- EXERCISE AIM -
Could you copy every line of the data that contains the word "above"?

---- DATA SUPPLIED

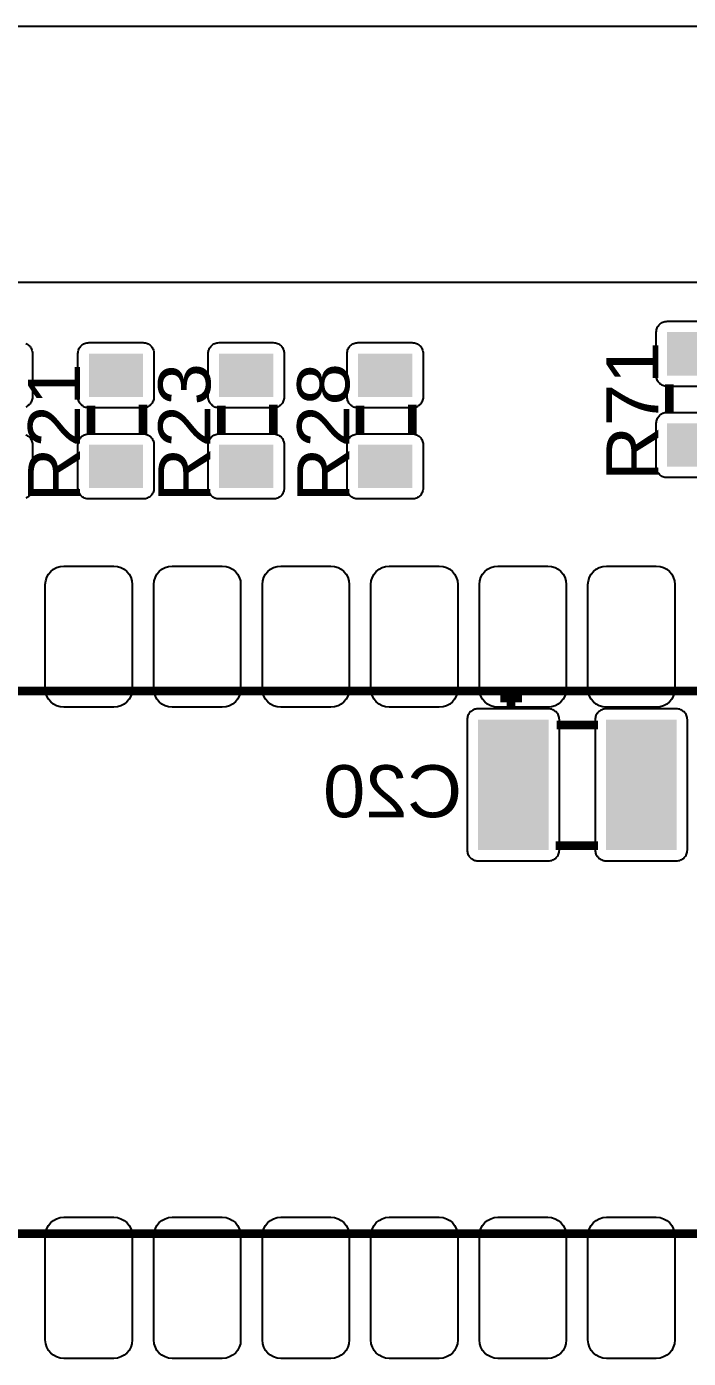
# Model space of a CAD drawing. Header units: inches. Extents: x 18.7 to 39.4, y 4.3 to 20.5.
# Drawn here: x 31.574 to 32.379, y 10.581 to 12.2 of the extents above; entities that cross this region are included whole.
import ezdxf

# ---------------------------------------------------------------- set-up
doc = ezdxf.new("R2010")
doc.units = ezdxf.units.IN
doc.header["$MEASUREMENT"] = 0
doc.styles.get("Standard").update_dxf_attribs({"font": 'arial.ttf'})

# ---------------------------------------------------------------- blocks, each defined once
blk = doc.blocks.new('RPAD')
blk.add_trace([(-0.5, -0.5), (-0.5, 0.5), (0.5, -0.5), (0.5, 0.5)])
blk = doc.blocks.new('NextionControlV4')
for points in [[(44.3367, 14.7538), (46.2109, 14.7538), (46.2109, 14.9893), (44.3367, 14.9893), (44.3367, 14.7538)], [(45.834, 14.6578), (45.784, 14.6578), (45.783, 14.6578), (45.782, 14.658), (45.781, 14.6582), (45.7801, 14.6585), (45.7792, 14.6589), (45.7784, 14.6594), (45.7776, 14.66), (45.7769, 14.6607), (45.7763, 14.6614), (45.7757, 14.6621), (45.7752, 14.6629), (45.7748, 14.6638), (45.7745, 14.6647), (45.7742, 14.6657), (45.7741, 14.6667), (45.774, 14.6678), (45.774, 14.6678), (45.774, 14.7078), (45.7741, 14.7088), (45.7742, 14.7098), (45.7745, 14.7108), (45.7748, 14.7117), (45.7752, 14.7126), (45.7757, 14.7134), (45.7763, 14.7142), (45.7769, 14.7149), (45.7776, 14.7155), (45.7784, 14.7161), (45.7792, 14.7166), (45.7801, 14.717), (45.781, 14.7173), (45.782, 14.7176), (45.783, 14.7177), (45.784, 14.7178), (45.834, 14.7178)], [(45.193, 14.6973), (45.1939, 14.6969), (45.1947, 14.6964), (45.1955, 14.6958), (45.1962, 14.6952), (45.1969, 14.6945), (45.1974, 14.6937), (45.1979, 14.6929), (45.1983, 14.692), (45.1987, 14.6911), (45.1989, 14.6901), (45.1991, 14.6891), (45.1991, 14.6881), (45.1991, 14.6481), (45.1991, 14.647), (45.1989, 14.646), (45.1987, 14.6451), (45.1983, 14.6441), (45.1979, 14.6433), (45.1974, 14.6424), (45.1969, 14.6417), (45.1962, 14.641), (45.1955, 14.6403), (45.1947, 14.6398), (45.1939, 14.6393), (45.193, 14.6388)], [(45.834, 14.5738), (45.784, 14.5738), (45.783, 14.5738), (45.782, 14.574), (45.781, 14.5742), (45.7801, 14.5745), (45.7792, 14.5749), (45.7784, 14.5754), (45.7776, 14.576), (45.7769, 14.5767), (45.7763, 14.5774), (45.7757, 14.5781), (45.7752, 14.5789), (45.7748, 14.5798), (45.7745, 14.5807), (45.7742, 14.5817), (45.7741, 14.5827), (45.774, 14.5838), (45.774, 14.5838), (45.774, 14.6238), (45.7741, 14.6248), (45.7742, 14.6258), (45.7745, 14.6268), (45.7748, 14.6277), (45.7752, 14.6286), (45.7757, 14.6294), (45.7763, 14.6302), (45.7769, 14.6309), (45.7776, 14.6315), (45.7784, 14.6321), (45.7792, 14.6326), (45.7801, 14.633), (45.781, 14.6333), (45.782, 14.6336), (45.783, 14.6337), (45.784, 14.6338), (45.834, 14.6338)], [(45.193, 14.6133), (45.1939, 14.6129), (45.1947, 14.6124), (45.1955, 14.6118), (45.1962, 14.6112), (45.1969, 14.6105), (45.1974, 14.6097), (45.1979, 14.6089), (45.1983, 14.608), (45.1987, 14.6071), (45.1989, 14.6061), (45.1991, 14.6051), (45.1991, 14.6041), (45.1991, 14.5641), (45.1991, 14.563), (45.1989, 14.562), (45.1987, 14.5611), (45.1983, 14.5601), (45.1979, 14.5593), (45.1974, 14.5584), (45.1969, 14.5577), (45.1962, 14.557), (45.1955, 14.5563), (45.1947, 14.5558), (45.1939, 14.5553), (45.193, 14.5548)]]:
    blk.add_lwpolyline(points)
for points in [[(45.2411, 14.6481), (45.2411, 14.6881), (45.2412, 14.6891), (45.2413, 14.6901), (45.2415, 14.6911), (45.2419, 14.692), (45.2423, 14.6929), (45.2428, 14.6937), (45.2434, 14.6945), (45.244, 14.6952), (45.2447, 14.6958), (45.2455, 14.6964), (45.2463, 14.6969), (45.2472, 14.6973), (45.2481, 14.6976), (45.2491, 14.6979), (45.2501, 14.698), (45.2511, 14.6981), (45.3011, 14.6981), (45.3021, 14.698), (45.3032, 14.6979), (45.3041, 14.6976), (45.305, 14.6973), (45.3059, 14.6969), (45.3067, 14.6964), (45.3075, 14.6958), (45.3082, 14.6952), (45.3089, 14.6945), (45.3094, 14.6937), (45.3099, 14.6929), (45.3103, 14.692), (45.3107, 14.6911), (45.3109, 14.6901), (45.3111, 14.6891), (45.3111, 14.6881), (45.3111, 14.6481), (45.3111, 14.647), (45.3109, 14.646), (45.3107, 14.6451), (45.3103, 14.6441), (45.3099, 14.6433), (45.3094, 14.6424), (45.3089, 14.6417), (45.3082, 14.641), (45.3075, 14.6403), (45.3067, 14.6398), (45.3059, 14.6393), (45.305, 14.6388), (45.3041, 14.6385), (45.3032, 14.6383), (45.3021, 14.6381), (45.3011, 14.6381), (45.2511, 14.6381), (45.2501, 14.6381), (45.2491, 14.6383), (45.2481, 14.6385), (45.2472, 14.6388), (45.2463, 14.6393), (45.2455, 14.6398), (45.2447, 14.6403), (45.244, 14.641), (45.2434, 14.6417), (45.2428, 14.6424), (45.2423, 14.6433), (45.2419, 14.6441), (45.2415, 14.6451), (45.2413, 14.646), (45.2412, 14.647), (45.2411, 14.6481)], [(45.3611, 14.6481), (45.3611, 14.6881), (45.3612, 14.6891), (45.3613, 14.6901), (45.3615, 14.6911), (45.3619, 14.692), (45.3623, 14.6929), (45.3628, 14.6937), (45.3634, 14.6945), (45.364, 14.6952), (45.3647, 14.6958), (45.3655, 14.6964), (45.3663, 14.6969), (45.3672, 14.6973), (45.3681, 14.6976), (45.3691, 14.6979), (45.3701, 14.698), (45.3711, 14.6981), (45.4211, 14.6981), (45.4221, 14.698), (45.4232, 14.6979), (45.4241, 14.6976), (45.425, 14.6973), (45.4259, 14.6969), (45.4267, 14.6964), (45.4275, 14.6958), (45.4282, 14.6952), (45.4289, 14.6945), (45.4294, 14.6937), (45.4299, 14.6929), (45.4303, 14.692), (45.4307, 14.6911), (45.4309, 14.6901), (45.4311, 14.6891), (45.4311, 14.6881), (45.4311, 14.6481), (45.4311, 14.647), (45.4309, 14.646), (45.4307, 14.6451), (45.4303, 14.6441), (45.4299, 14.6433), (45.4294, 14.6424), (45.4289, 14.6417), (45.4282, 14.641), (45.4275, 14.6403), (45.4267, 14.6398), (45.4259, 14.6393), (45.425, 14.6388), (45.4241, 14.6385), (45.4232, 14.6383), (45.4221, 14.6381), (45.4211, 14.6381), (45.3711, 14.6381), (45.3701, 14.6381), (45.3691, 14.6383), (45.3681, 14.6385), (45.3672, 14.6388), (45.3663, 14.6393), (45.3655, 14.6398), (45.3647, 14.6403), (45.364, 14.641), (45.3634, 14.6417), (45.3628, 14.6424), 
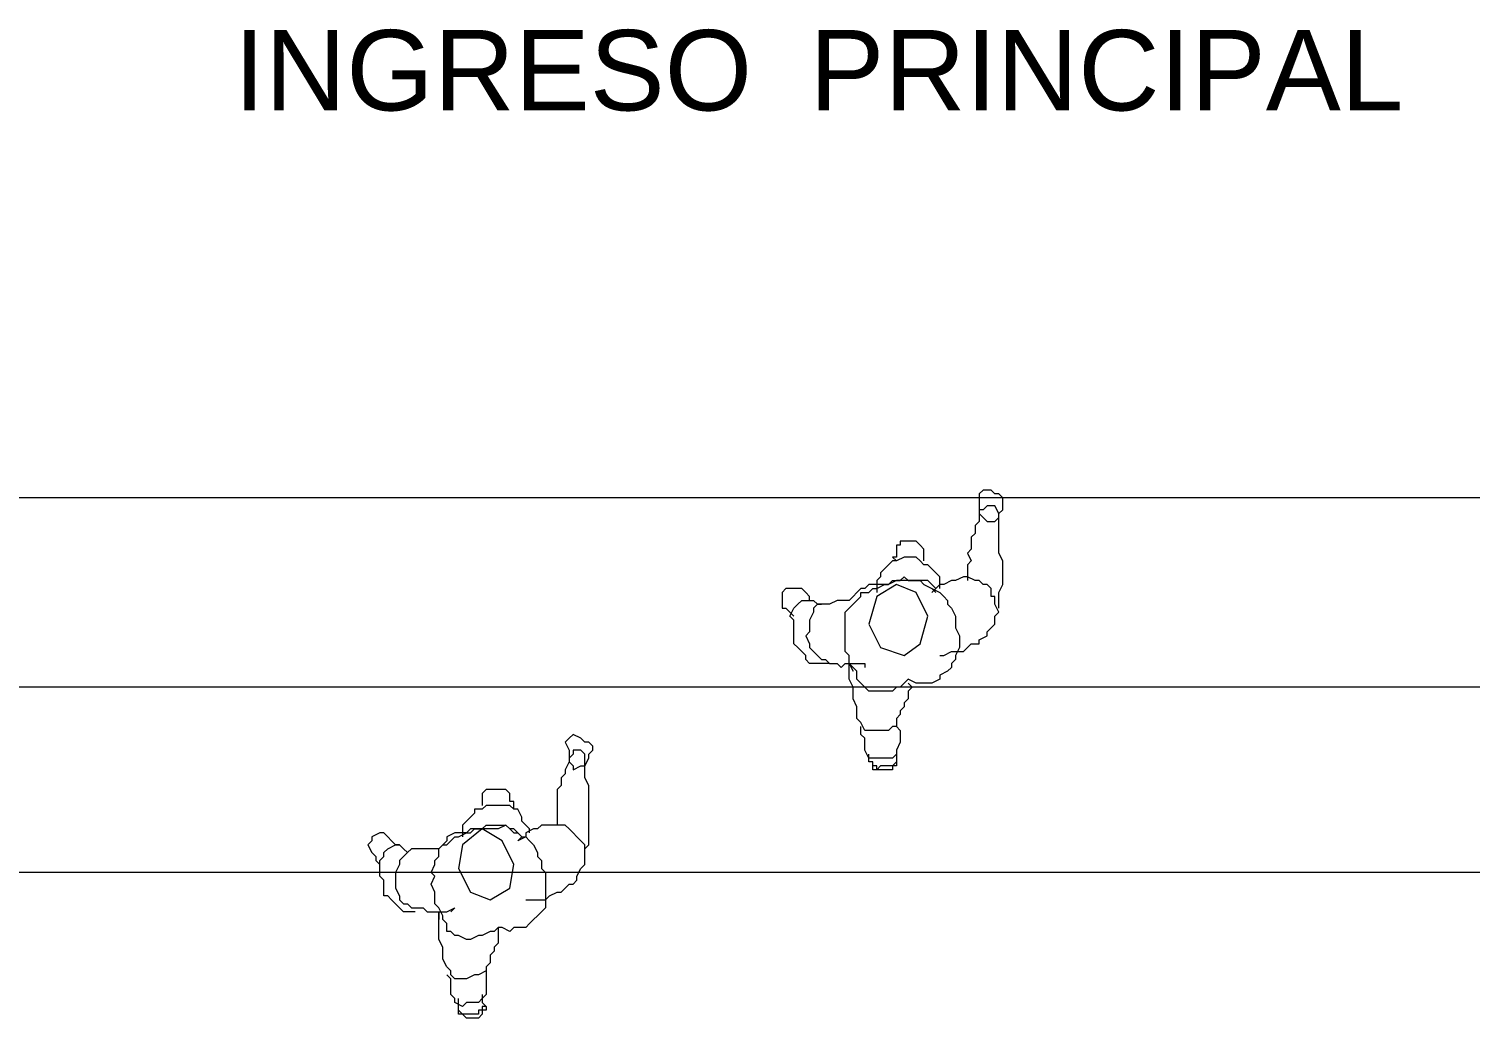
# Model space of a CAD drawing. Header units: millimetres. Extents: x 0.4 to 34.5, y 0.3 to 53.8.
# Drawn here: x 11.984 to 15.853, y 6.747 to 9.404 of the extents above; entities that cross this region are included whole.
import ezdxf

# ---------------------------------------------------------------- set-up
doc = ezdxf.new("R2010")
doc.units = ezdxf.units.MM
doc.header["$MEASUREMENT"] = 0
doc.layers.add('Layer 1', color=7, linetype='Continuous')

msp = doc.modelspace()

# ---------------------------------------------------------------- linework, layer by layer
at = {"layer": 'Layer 1', "lineweight": 0}
for points in [[(14.5349, 8.1018), (14.5455, 8.0913), (14.5561, 8.0807), (14.5773, 8.0807), (14.5879, 8.0913), (14.5879, 8.1018), (14.5984, 8.1124), (14.5984, 8.1336), (14.5984, 8.1441), (14.5879, 8.1547), (14.5773, 8.1547), (14.5667, 8.1653), (14.5561, 8.1653), (14.5455, 8.1653), (14.5349, 8.1547), (14.5349, 8.1336), (14.5349, 8.1124)], [(14.5879, 7.8478), (14.5879, 7.8584), (14.5879, 7.8795), (14.5879, 7.8901), (14.5984, 7.9113), (14.5984, 7.9219), (14.5984, 7.9431), (14.5984, 7.9537), (14.5984, 7.9748), (14.5879, 7.996), (14.5879, 8.0171), (14.5879, 8.0277), (14.5879, 8.0489), (14.5879, 8.0701), (14.5879, 8.0807), (14.5879, 8.1018), (14.5773, 8.123), (14.5667, 8.123), (14.5561, 8.123), (14.5455, 8.1124), (14.5349, 8.1124), (14.5349, 8.0913), (14.5349, 8.0807), (14.5244, 8.0701), (14.5244, 8.0489), (14.5138, 8.0383), (14.5138, 8.0277), (14.5138, 8.0066), (14.5032, 7.996), (14.5138, 7.9748), (14.5032, 7.9642), (14.5032, 7.9431), (14.5032, 7.9219)], [(14.3868, 7.9748), (14.3868, 7.9748), (14.3868, 7.9854), (14.3868, 7.996), (14.3868, 8.0066), (14.3762, 8.0171), (14.3656, 8.0277), (14.355, 8.0277), (14.3444, 8.0277), (14.3339, 8.0277), (14.3233, 8.0277), (14.3233, 8.0171), (14.3127, 8.0171), (14.3127, 8.0066), (14.3127, 7.996), (14.3127, 7.9854), (14.3021, 7.9854), (14.3127, 7.9748)], [(14.4291, 7.9007), (14.4291, 7.9113), (14.4291, 7.9325), (14.4185, 7.9431), (14.4079, 7.9537), (14.3974, 7.9642), (14.3868, 7.9642), (14.3762, 7.9748), (14.3656, 7.9854), (14.355, 7.9854), (14.3339, 7.9854), (14.3127, 7.9748), (14.3021, 7.9748), (14.2915, 7.9642), (14.2809, 7.9537), (14.2704, 7.9431), (14.2704, 7.9325), (14.2598, 7.9219), (14.2598, 7.9113), (14.2598, 7.8901)], [(14.4079, 7.9007), (14.4291, 7.8901), (14.4397, 7.8795), (14.4503, 7.869), (14.4503, 7.8584), (14.4609, 7.8478), (14.4714, 7.8267), (14.4714, 7.8055), (14.4714, 7.7949), (14.482, 7.7737), (14.482, 7.7631), (14.482, 7.742), (14.4714, 7.7208), (14.4714, 7.7102), (14.4609, 7.6996), (14.4609, 7.6891), (14.4503, 7.6785), (14.4291, 7.6679), (14.4291, 7.6573), (14.4079, 7.6467), (14.3974, 7.6467), (14.3762, 7.6467), (14.3656, 7.6467), (14.3444, 7.6573), (14.3339, 7.6467), (14.3233, 7.6361), (14.3127, 7.6361), (14.3021, 7.6256), (14.2809, 7.6256), (14.2598, 7.6256), (14.2492, 7.6256), (14.2386, 7.6256), (14.228, 7.6361), (14.2174, 7.6467), (14.2069, 7.6573), (14.2069, 7.6785), (14.1963, 7.6891), (14.1857, 7.6996), (14.1857, 7.7208), (14.1751, 7.7314), (14.1751, 7.7525), (14.1751, 7.7737), (14.1751, 7.7843), (14.1751, 7.8055), (14.1751, 7.8161), (14.1751, 7.8372), (14.1857, 7.8478), (14.1963, 7.8584), (14.2069, 7.869), (14.2174, 7.8795), (14.2174, 7.8901), (14.2386, 7.8901), (14.2492, 7.9007), (14.2598, 7.9007), (14.2809, 7.9113), (14.2915, 7.9113), (14.3021, 7.9219), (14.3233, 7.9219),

--------

- WRITTEN REPLY -
# Drawn here: x 31.574 to 32.379, y 10.581 to 12.2 of the extents above; entities that cross this region are included whole.
# Drawn here: x 11.984 to 15.853, y 6.747 to 9.404 of the extents above; entities that cross this region are included whole.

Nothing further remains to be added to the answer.